From: Amos Jeffries <squid3@dont-contact.us>
Date: Sun, 03 Feb 2008 16:17:35 +1300

Go Wow wrote:
> I have attached 3 files named squid.conf sites.txt (whitelist) and
> blacklisted_sites.txt (Blacklist)
>
> okay i will paste my squid.conf here to will be helpful for others
>
> auth_param basic children 5
> auth_param basic realm Squid proxy-caching web server
> auth_param basic credentialsttl 2 hours
> auth_param basic casesensitive off

It looks like auth. But is never activated or used...

> acl all src 0.0.0.0/0.0.0.0
> acl manager proto cache_object
> acl localhost src 127.0.0.1/255.255.255.255
> acl to_localhost dst 127.0.0.0/8
> acl SSL_ports port 443
> acl Safe_ports port 80 # http
> acl Safe_ports port 21 # ftp
> acl Safe_ports port 443 # https
> acl Safe_ports port 70 # gopher
> acl Safe_ports port 210 # wais
> acl Safe_ports port 1025-65535 # unregistered ports
> acl Safe_ports port 280 # http-mgmt
> acl Safe_ports port 488 # gss-http
> acl Safe_ports port 591 # filemaker
> acl Safe_ports port 777 # multiling http
> acl CONNECT method CONNECT
> acl BadSites url_regex -i "/etc/blacklisted_sites.txt"
> acl GoodSites url_regex -i "/etc/sites.txt"
> acl lpo_BadSites url_regex -i "/etc/lpo_blacklisted_sites.txt"

Your first thing are these regexes.

If they match ANYWHERE in the URI the site will either be
allowed/denied. You have some very short matches in there that could be
doing strange things to sites passing query parameters in the URI.

Secondly regex is slow and will never scale to anything large enough to
do a content-filter job properly. A list of dstdomain would be better in
some of those cases. It matches just the requested domain name against
the ACL. Some of your matches are for domains.

Thirdly, their positioning at the top of the access list means that the
allow GoodSites has your proxy open to abuse for anyone who can/wants to
fiddle the URIs or use your permitted sites. ie check their gmail
through you.

Consider; does it really matter that people can get to porn through you?
If you are trying to make a child protection filter there is much better
software out there to do it with than squid.

> acl home_network src 192.168.10.10-192.168.10.120
> acl lpo_network src 192.168.10.60-192.168.10.72

Right at the top you are missing a:
     http_access deny !home_network

that will stop most people getting to your proxy to abuse it.
The rest should be about stopping internal abuses.

> http_access deny lpo_BadSites lpo_network
> http_access deny lpo_network

Okay, so the lpo part of the network is not allowed to use the proxy.
In that case checking BadSites here specially is a wast of time. They
never get through to any of those anyway.

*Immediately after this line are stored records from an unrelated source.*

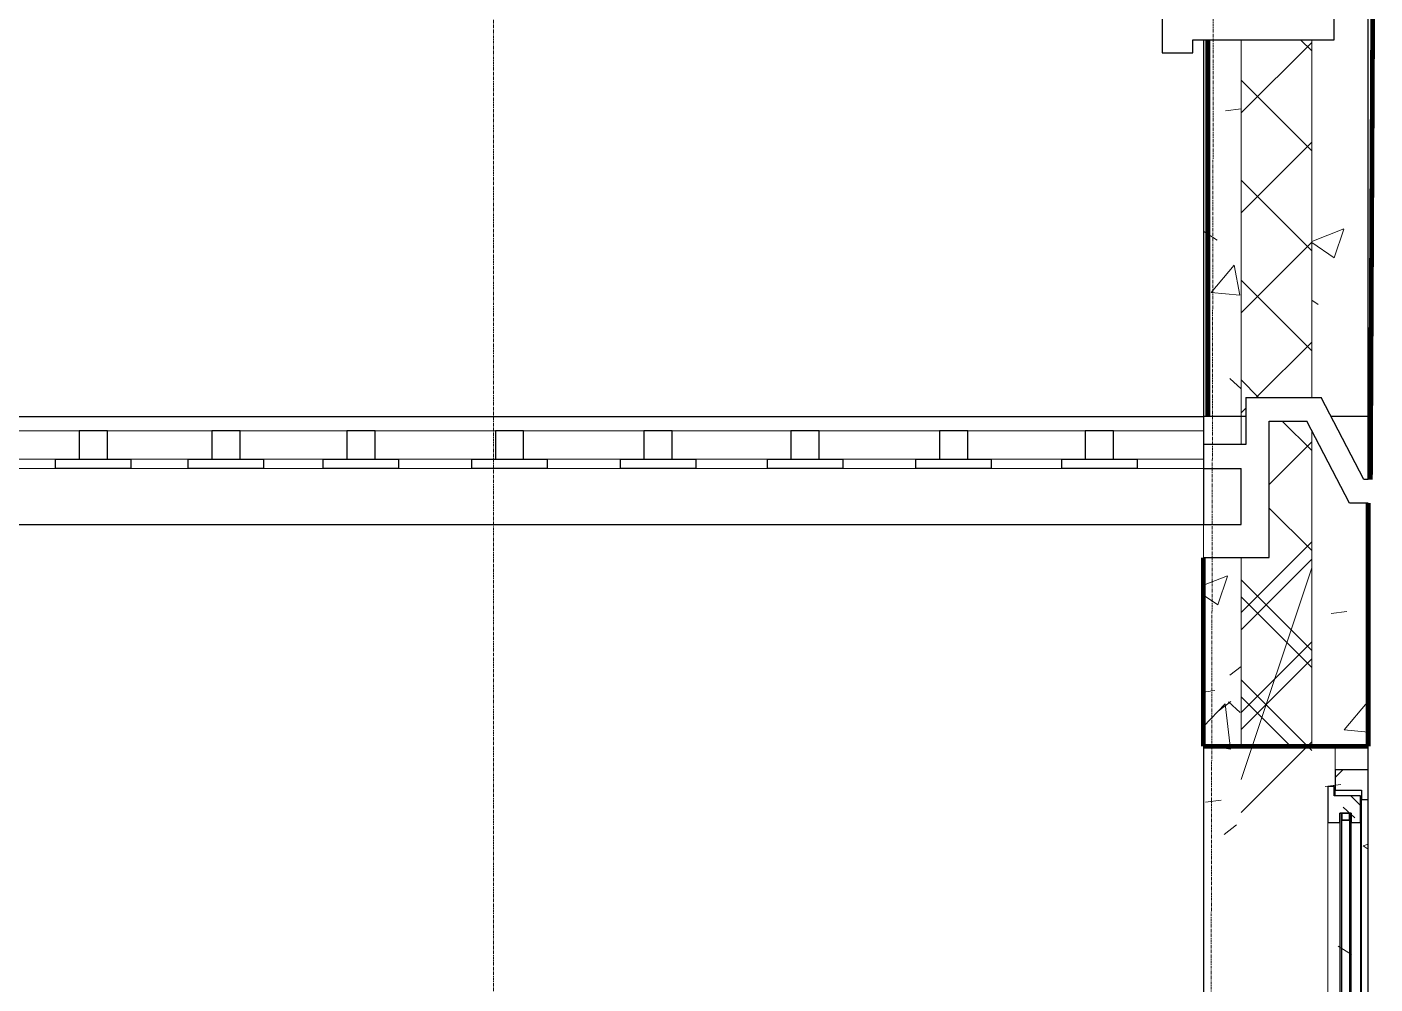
# Model space of a CAD drawing. Header units: inches. Extents: x -2431 to 214825, y 3 to 92804.
# Drawn here: x 171862 to 174724, y 13836 to 15868 of the extents above; entities that cross this region are included whole.
import ezdxf

# ---------------------------------------------------------------- set-up
doc = ezdxf.new("R2010")
doc.units = ezdxf.units.IN
doc.header["$MEASUREMENT"] = 0
doc.linetypes.add('Линия сетки', pattern=[22.225, 12.7, -3.175, 3.175, -3.175])
for name, color, linetype, lineweight in [('A-FLOR', 250, 'Continuous', 9), ('A-GLAZ', 250, 'Continuous', 9), ('A-WALL', 250, 'Continuous', 9), ('A-WALL-PATT', 250, 'Continuous', 25), ('S-GRID', 250, 'Continuous', 9)]:
    doc.layers.add(name, color=color, linetype=linetype, lineweight=lineweight)
doc.layers.add('Стены', color=250, linetype='Continuous')

# ---------------------------------------------------------------- blocks, each defined once
blk = doc.blocks.new('Окно 3-Откидное - Среднее глухое - Один переплет с многокамерным стеклопакетом - 30674-99 - Окно 3-Откидное - Среднее глухое - Один переплет с многокамерным стеклопакетом - 30674-99-V5-Сечение 1')
at = {"layer": 'A-GLAZ'}
h = blk.add_hatch(dxfattribs=at)
h.set_pattern_fill('FP_7', color=256, style=0, pattern_type=2)
h.set_pattern_definition([(45, (18648.64, 22050), (-84.853, 84.853), [])])
h.paths.add_polyline_path([(18649, 18850), (18669.7, 18850), (18669.7, 18913), (18655.7, 18913), (18655.7, 18893), (18599.7, 18893), (18599.7, 18850)], flags=0)
h.paths.add_polyline_path([(18669.7, 20187), (18669.7, 20250), (18599.7, 20250), (18599.7, 20207), (18655.7, 20207), (18655.7, 20187)], flags=0)
h = blk.add_hatch(dxfattribs=at)
h.set_pattern_fill('FP_6', color=256, style=0, pattern_type=2)
h.set_pattern_definition([(135, (18648.64, 22050), (-70.7107, -70.7107), [])])
h.paths.add_polyline_path([(18583.7, 18885), (18597.7, 18885), (18597.7, 18905), (18653.7, 18905), (18653.7, 18962), (18633.7, 18962), (18633.7, 18942), (18609.7, 18942), (18609.7, 18962), (18583.7, 18962)], flags=0)
h.paths.add_polyline_path([(18649, 20138), (18653.7, 20138), (18653.7, 20195), (18597.7, 20195), (18597.7, 20215), (18583.7, 20215), (18583.7, 20138), (18609.7, 20138), (18609.7, 20158), (18633.7, 20158), (18633.7, 20138)], flags=0)
for p, q in [((18669.7, 20300), (18599.7, 20300)), ((18599.7, 20300), (18599.7, 20250)), ((18669.7, 20250), (18669.7, 20300)), ((18599.7, 20250), (18669.7, 20250)), ((18599.7, 20195), (18599.7, 20207)), ((18655.7, 18913), (18655.7, 20187)), ((18669.7, 18913), (18669.7, 20187)), ((18583.7, 18962), (18583.7, 20138)), ((18653.7, 20138), (18653.7, 18962)), ((18599.7, 18893), (18599.7, 18905)), ((18669.7, 18850), (18599.7, 18850)), ((18599.7, 18850), (18599.7, 18800)), ((18669.7, 18800), (18669.7, 18850)), ((18599.7, 18800), (18669.7, 18800))]:
    blk.add_line(p, q, dxfattribs=at)
at = {"layer": 'A-GLAZ', "lineweight": 25}
for p, q in [((18599.7, 20250), (18599.7, 20207)), ((18669.7, 20250), (18599.7, 20250)), ((18669.7, 20187), (18669.7, 20250)), ((18597.7, 20215), (18583.7, 20215)), ((18583.7, 20215), (18583.7, 20138)), ((18597.7, 20195), (18597.7, 20215)), ((18653.7, 20195), (18597.7, 20195)), ((18599.7, 20207), (18655.7, 20207)), ((18653.7, 20138), (18653.7, 20195)), ((18655.7, 20207), (18655.7, 20187)), ((18655.7, 20187), (18669.7, 20187)), ((18613.7, 20158), (18609.7, 20158)), ((18609.7, 20158), (18609.7, 18942)), ((18609.7, 20138), (18609.7, 20158)), ((18609.7, 20158), (18633.7, 20158)), ((18613.7, 18942), (18613.7, 20158)), ((18633.7, 20158), (18629.7, 20158)), ((18629.7, 20158), (18629.7, 18942)), ((18633.7, 18942), (18633.7, 20158)), ((18633.7, 20158), (18633.7, 20138)), ((18583.7, 20138), (18609.7, 20138)), ((18633.7, 20138), (18653.7, 20138)), ((18609.7, 18962), (18583.7, 18962)), ((18583.7, 18962), (18583.7, 18885)), ((18609.7, 18942), (18609.7, 18962)), ((18653.7, 18962), (18633.7, 18962)), ((18633.7, 18962), (18633.7, 18942)), ((18653.7, 18905), (18653.7, 18962)), ((18609.7, 18942), (18613.7, 18942)), ((18633.7, 18942), (18609.7, 18942)), ((18629.7, 18942), (18633.7, 18942)), ((18597.7, 18885), (18597.7, 18905)), ((18597.7, 18905), (18653.7, 18905)), ((18599.7, 18893), (18599.7, 18850)), ((18655.7, 18893), (18599.7, 18893)), ((18669.7, 18913), (18655.7, 18913)), ((18655.7, 18913), (18655.7, 18893)), ((18669.7, 18850), (18669.7, 18913)), ((18583.7, 18885), (18597.7, 18885)), ((18599.7, 18850), (18669.7, 18850))]:
    blk.add_line(p, q, dxfattribs=at)
at = {"layer": 'A-GLAZ', "lineweight": 35}
for p, q in [((18629.7, 20158), (18613.7, 20158)), ((18613.7, 20158), (18613.7, 20143)), ((18629.7, 20143), (18629.7, 20158)), ((18613.7, 20143), (18629.7, 20143)), ((18629.7, 18957), (18613.7, 18957)), ((18613.7, 18957), (18613.7, 18942)), ((18629.7, 18942), (18629.7, 18957)), ((18613.7, 18942), (18629.7, 18942))]:
    blk.add_line(p, q, dxfattribs=at)

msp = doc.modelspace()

> http_access allow GoodSites

Now anyone can get in if they are visiting a site you like (ie gmail) or
want to fiddle the URI to contains certain easily detected things.

> http_access deny BadSites

And the effects of a short-and-anywhere-without-case uri match makes
itself felt...

Turning BadSites into a list of bad domains and a dstdomsin ACL would do
a lot here.

> http_access allow home_network

This should be the second-to-LAST thing you do.

> http_access allow manager localhost
> http_access deny manager
> http_access deny !Safe_ports
> http_access deny CONNECT !SSL_ports

These above denies are really useless unless they are done before the
permits that override them.

The next line will be doing a global deny anyway if they get this far.

> http_access deny all

> http_reply_access allow all
> icp_access allow all
> http_port 192.168.10.1:3128 transparent
> hierarchy_stoplist cgi-bin ?
> acl QUERY urlpath_regex cgi-bin \?
> cache deny QUERY
> cache_mem 16 MB
> access_log /usr/local/squid/var/logs/access.log squid
> cache_log /usr/local/squid/var/logs/cache.log
> cache_store_log /usr/local/squid/var/logs/store.log

This log is not that useful unless you are debugging storage.
You can gain a bit by setting:
   cache_store_log none

> mime_table /usr/local/squid/etc/mime.conf
> pid_filename /usr/local/squid/var/logs/squid.pid
> refresh_pattern ^ftp: 1440 20% 10080
> refresh_pattern ^gopher: 1440 0% 1440
> refresh_pattern . 0 20% 4320
> acl apache rep_header Server ^Apache
> broken_vary_encoding allow apache
> cache_effective_user squid
> cache_effective_user squid

twice?

> icon_directory /usr/local/squid/share/icons
> error_directory /usr/local/squid/share/errors/English
> hosts_file /etc/hosts
> dns_testnames google.com
> coredump_dir /usr/local/squid/var/cache
>
> If you see my whitelist (sites.txt) I need to add words like
> "examination" to access them although examination word is not added to
> my blacklist. Let me know the problematic thing plz.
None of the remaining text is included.